Comme elle était jolie ! Derrière elle, les grands arbres, les ruines romantiques du parc se mirant dans la pièce d’eau, semblaient constituer déjà un décor de théâtre dont le soleil couchant était le projecteur ; il ciselait le fin visage de la jeune fille, changeait ses cheveux blonds en auréole et lui mettait aux yeux le désir du succès… Oui, elle était faite pour la lumière, la musique, les bravos… C’était si évident qu’Yves en fut accablé. Il eut un pauvre sourire.

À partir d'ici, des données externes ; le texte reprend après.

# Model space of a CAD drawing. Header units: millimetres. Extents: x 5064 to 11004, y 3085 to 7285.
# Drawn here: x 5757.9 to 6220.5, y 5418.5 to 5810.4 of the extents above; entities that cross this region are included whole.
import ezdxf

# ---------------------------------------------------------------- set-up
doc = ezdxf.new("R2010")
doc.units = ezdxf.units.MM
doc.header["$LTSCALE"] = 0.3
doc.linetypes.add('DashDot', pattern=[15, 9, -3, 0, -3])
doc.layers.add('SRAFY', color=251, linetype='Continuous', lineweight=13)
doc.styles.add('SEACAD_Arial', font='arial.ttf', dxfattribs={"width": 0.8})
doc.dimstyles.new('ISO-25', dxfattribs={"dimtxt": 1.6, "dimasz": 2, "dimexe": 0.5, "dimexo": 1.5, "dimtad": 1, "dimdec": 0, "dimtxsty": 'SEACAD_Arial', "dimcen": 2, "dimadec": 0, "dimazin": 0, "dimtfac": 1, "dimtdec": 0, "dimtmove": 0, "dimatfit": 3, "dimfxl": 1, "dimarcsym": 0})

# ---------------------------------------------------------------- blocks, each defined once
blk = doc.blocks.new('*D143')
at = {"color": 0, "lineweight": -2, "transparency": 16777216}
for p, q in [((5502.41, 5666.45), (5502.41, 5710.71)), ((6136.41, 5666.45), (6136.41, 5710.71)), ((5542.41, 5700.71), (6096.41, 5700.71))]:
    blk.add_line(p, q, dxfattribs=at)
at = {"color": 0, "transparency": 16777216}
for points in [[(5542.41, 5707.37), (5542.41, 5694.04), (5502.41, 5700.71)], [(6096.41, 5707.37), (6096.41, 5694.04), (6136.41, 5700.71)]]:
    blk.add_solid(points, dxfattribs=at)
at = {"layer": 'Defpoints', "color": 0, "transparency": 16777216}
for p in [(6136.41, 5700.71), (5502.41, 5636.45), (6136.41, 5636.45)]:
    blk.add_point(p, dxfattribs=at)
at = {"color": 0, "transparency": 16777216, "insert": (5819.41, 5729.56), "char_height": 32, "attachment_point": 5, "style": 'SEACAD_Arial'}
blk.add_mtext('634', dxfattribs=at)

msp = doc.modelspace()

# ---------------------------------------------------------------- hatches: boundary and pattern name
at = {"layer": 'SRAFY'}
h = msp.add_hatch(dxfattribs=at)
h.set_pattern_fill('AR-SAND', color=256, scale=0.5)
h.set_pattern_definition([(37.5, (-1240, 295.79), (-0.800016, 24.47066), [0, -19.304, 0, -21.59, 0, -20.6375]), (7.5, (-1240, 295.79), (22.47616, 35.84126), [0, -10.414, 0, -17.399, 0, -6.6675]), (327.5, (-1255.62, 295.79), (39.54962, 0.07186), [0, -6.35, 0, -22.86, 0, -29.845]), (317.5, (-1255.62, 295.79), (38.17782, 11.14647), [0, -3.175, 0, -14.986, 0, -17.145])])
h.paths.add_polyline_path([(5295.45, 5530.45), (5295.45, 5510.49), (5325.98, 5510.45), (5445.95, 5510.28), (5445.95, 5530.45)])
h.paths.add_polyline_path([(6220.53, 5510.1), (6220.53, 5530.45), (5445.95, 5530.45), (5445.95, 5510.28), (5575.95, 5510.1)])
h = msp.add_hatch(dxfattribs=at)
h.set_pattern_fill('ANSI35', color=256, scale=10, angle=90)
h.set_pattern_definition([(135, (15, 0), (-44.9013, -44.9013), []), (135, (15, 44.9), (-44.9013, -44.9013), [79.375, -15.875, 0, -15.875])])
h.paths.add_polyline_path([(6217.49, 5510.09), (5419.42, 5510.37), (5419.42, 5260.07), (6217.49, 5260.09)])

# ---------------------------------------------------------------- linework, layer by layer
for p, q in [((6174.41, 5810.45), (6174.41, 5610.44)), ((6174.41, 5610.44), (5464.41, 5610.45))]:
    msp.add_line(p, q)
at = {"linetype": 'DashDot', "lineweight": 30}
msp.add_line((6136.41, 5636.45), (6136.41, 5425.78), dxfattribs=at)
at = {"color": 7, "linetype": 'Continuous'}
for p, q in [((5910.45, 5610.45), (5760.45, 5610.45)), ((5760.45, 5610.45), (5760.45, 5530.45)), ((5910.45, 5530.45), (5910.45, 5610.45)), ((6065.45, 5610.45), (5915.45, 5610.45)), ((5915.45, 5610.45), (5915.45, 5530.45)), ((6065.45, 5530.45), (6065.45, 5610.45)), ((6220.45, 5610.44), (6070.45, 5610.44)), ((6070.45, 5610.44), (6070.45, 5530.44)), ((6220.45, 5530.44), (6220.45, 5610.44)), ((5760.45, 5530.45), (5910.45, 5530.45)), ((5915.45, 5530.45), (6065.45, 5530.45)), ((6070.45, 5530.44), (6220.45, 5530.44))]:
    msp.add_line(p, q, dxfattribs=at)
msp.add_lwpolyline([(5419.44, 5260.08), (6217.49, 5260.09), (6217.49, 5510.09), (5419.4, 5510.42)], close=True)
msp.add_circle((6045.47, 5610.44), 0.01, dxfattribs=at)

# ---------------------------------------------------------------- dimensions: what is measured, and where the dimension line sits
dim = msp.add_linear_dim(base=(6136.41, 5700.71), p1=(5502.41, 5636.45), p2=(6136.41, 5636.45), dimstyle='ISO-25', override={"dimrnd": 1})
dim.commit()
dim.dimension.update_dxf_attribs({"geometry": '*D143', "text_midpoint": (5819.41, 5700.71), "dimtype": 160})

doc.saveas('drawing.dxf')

— Au contraire, ma chérie, je ne vous en aimerai que davantage. Mais vous ?…

Elle fronça ses sourcils si bien dessinés.

— Moi ?… Que voulez-vous dire ? Croyez-vous que je ne puisse pas rester sérieuse dans ce milieu aussi bien que dans un autre ? Vous croyez encore aux vieilles histoires suivant lesquelles les artistes mènent une vie frivole et débauchée ?

Il protesta.

— Non ! Je sais fort bien que la plupart des vrais artistes ont une existence régulière et même bourgeoise. Et puis, j’ai confiance en vous, Gisèle…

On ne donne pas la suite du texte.